<<<<
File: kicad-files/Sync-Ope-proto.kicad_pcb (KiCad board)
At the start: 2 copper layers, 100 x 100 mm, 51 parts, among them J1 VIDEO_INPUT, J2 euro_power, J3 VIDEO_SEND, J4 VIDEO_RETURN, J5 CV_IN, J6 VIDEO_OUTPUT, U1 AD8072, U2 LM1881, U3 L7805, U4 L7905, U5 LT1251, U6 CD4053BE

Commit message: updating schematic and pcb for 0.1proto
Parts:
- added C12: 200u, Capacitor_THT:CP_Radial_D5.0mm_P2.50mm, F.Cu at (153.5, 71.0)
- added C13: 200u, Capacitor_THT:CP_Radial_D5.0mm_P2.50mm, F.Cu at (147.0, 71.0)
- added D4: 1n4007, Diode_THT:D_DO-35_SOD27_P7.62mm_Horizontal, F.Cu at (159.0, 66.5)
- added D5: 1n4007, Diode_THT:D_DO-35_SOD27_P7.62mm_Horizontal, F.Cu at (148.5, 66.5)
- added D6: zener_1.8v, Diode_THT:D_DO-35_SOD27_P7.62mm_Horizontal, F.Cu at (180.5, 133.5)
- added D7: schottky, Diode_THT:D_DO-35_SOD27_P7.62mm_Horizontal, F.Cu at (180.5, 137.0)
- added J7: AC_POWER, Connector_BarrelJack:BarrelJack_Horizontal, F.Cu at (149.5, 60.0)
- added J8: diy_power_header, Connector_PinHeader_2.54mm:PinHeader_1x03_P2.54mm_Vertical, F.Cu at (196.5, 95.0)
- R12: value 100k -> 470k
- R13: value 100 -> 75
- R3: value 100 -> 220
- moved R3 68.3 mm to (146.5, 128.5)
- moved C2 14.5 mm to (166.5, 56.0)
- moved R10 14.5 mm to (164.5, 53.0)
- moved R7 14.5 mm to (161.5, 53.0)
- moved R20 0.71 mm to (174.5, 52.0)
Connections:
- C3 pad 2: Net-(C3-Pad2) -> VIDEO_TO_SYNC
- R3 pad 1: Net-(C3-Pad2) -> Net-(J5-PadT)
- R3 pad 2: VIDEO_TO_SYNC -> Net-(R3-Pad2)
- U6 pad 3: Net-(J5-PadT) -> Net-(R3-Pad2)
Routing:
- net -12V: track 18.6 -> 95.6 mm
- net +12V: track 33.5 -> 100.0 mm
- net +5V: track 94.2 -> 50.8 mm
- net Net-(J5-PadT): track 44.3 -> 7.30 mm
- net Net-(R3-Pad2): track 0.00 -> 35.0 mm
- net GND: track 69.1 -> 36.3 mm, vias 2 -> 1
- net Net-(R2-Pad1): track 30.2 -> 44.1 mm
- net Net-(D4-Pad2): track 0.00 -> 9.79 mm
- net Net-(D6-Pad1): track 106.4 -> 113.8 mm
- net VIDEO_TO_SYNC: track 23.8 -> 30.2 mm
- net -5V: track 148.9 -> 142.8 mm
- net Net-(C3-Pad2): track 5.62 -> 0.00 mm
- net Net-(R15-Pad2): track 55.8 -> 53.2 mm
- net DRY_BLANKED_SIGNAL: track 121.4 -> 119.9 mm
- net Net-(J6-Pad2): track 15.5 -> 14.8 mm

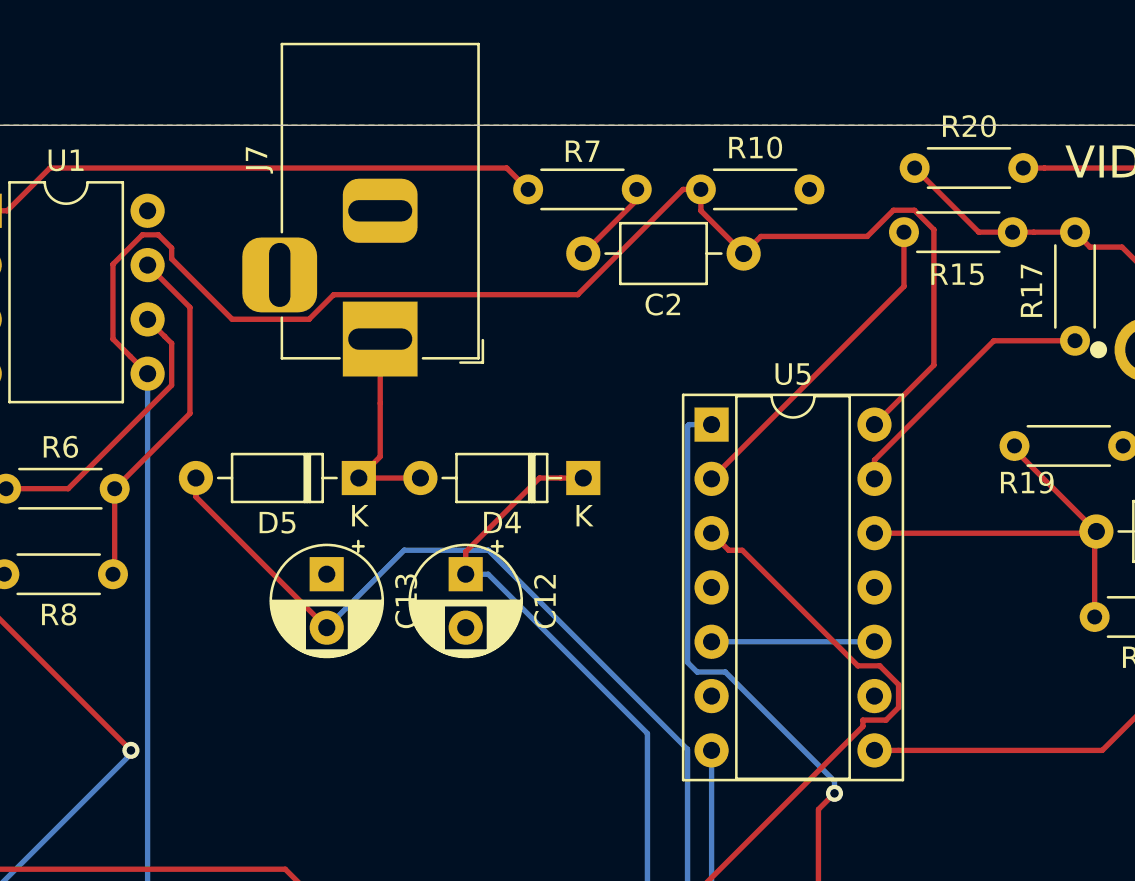
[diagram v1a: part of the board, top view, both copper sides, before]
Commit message: update a trace for proto0.1 order
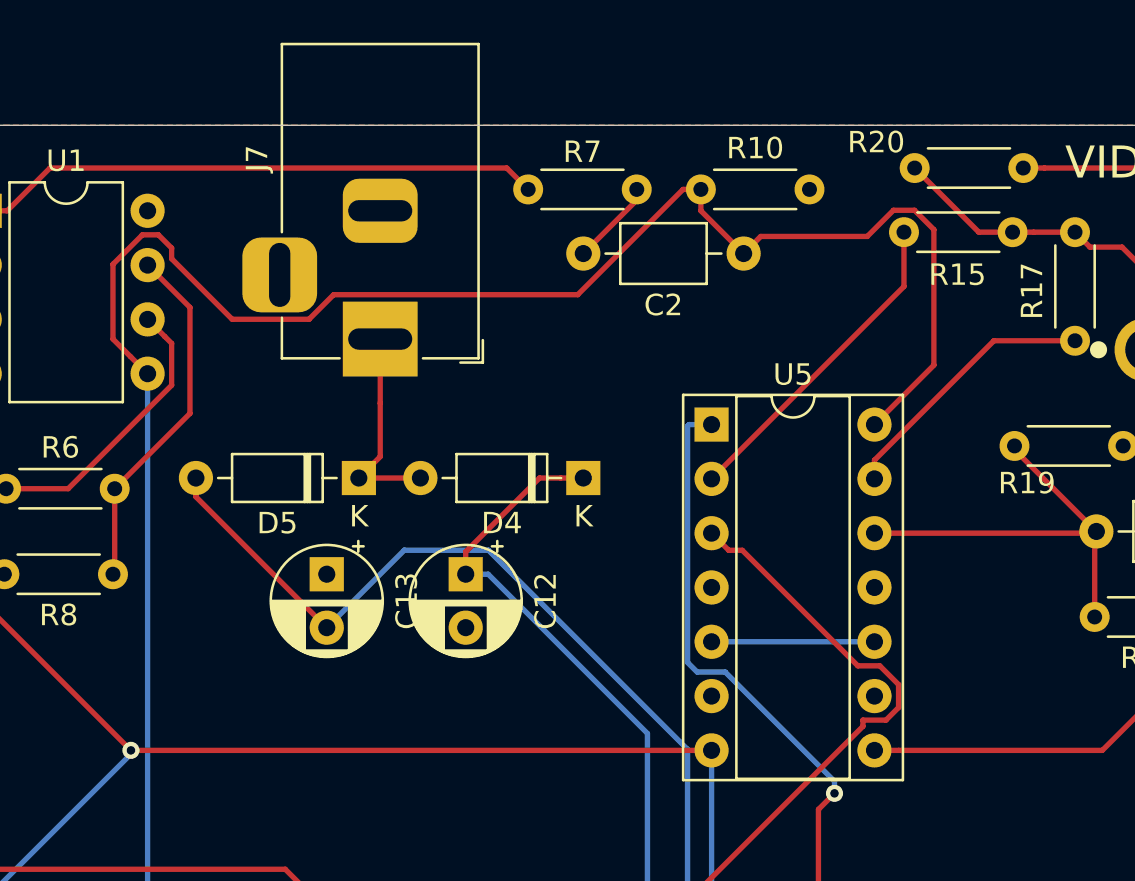
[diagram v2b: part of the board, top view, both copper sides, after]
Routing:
- net -5V: track 142.8 -> 170.0 mm
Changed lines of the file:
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@@
     (thickness 1.6)
     (drawings 10)
-    (tracks 271)
+    (tracks 272)
     (zones 0)
     (modules 59)
@@
     (descr "Resistor, Axial_DIN0204 series, Axial, Horizontal, pin pitch=5.08mm, 0.167W, length*diameter=3.6*1.6mm^2, http://cdn-reichelt.de/documents/datenblatt/B400/1_4W%23YAG.pdf")
     (tags "Resistor Axial_DIN0204 series Axial Horizontal pin pitch 5.08mm 0.167W length 3.6mm diameter 1.6mm")
-    (fp_text reference R20 (at 2.54 -1.92) (layer F.SilkS)
+    (fp_text reference R20 (at -1.8 -1.2) (layer F.SilkS)
       (effects (font (size 1 1) (thickness 0.15)))
     )
@@
   (segment (start 188.3 95) (end 196.5 95) (width 0.25) (layer F.Cu) (net 12))
   (segment (start 179.2 104.1) (end 188.3 95) (width 0.25) (layer F.Cu) (net 12))
+  (segment (start 137.84 79.24) (end 165 79.24) (width 0.25) (layer F.Cu) (net 12))
   (segment (start 153.05 86.6) (end 151.8 87.85) (width 0.25) (layer F.Cu) (net 13))
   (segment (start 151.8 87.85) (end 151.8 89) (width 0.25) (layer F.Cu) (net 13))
>>>>
* _Work to be completed_: Your answer must be the exact lines from the records above, from the one containing "- net DRY_BLANKED_SIGNAL: track" through the one containing "(thickness 1.6)", both included, with every picture left out.

* _Expected answer_:
- net DRY_BLANKED_SIGNAL: track 121.4 -> 119.9 mm
- net Net-(J6-Pad2): track 15.5 -> 14.8 mm

[diagram v1a: part of the board, top view, both copper sides, before]
Commit message: update a trace for proto0.1 order
[diagram v2b: part of the board, top view, both copper sides, after]
Routing:
- net -5V: track 142.8 -> 170.0 mm
Changed lines of the file:
@@
     (thickness 1.6)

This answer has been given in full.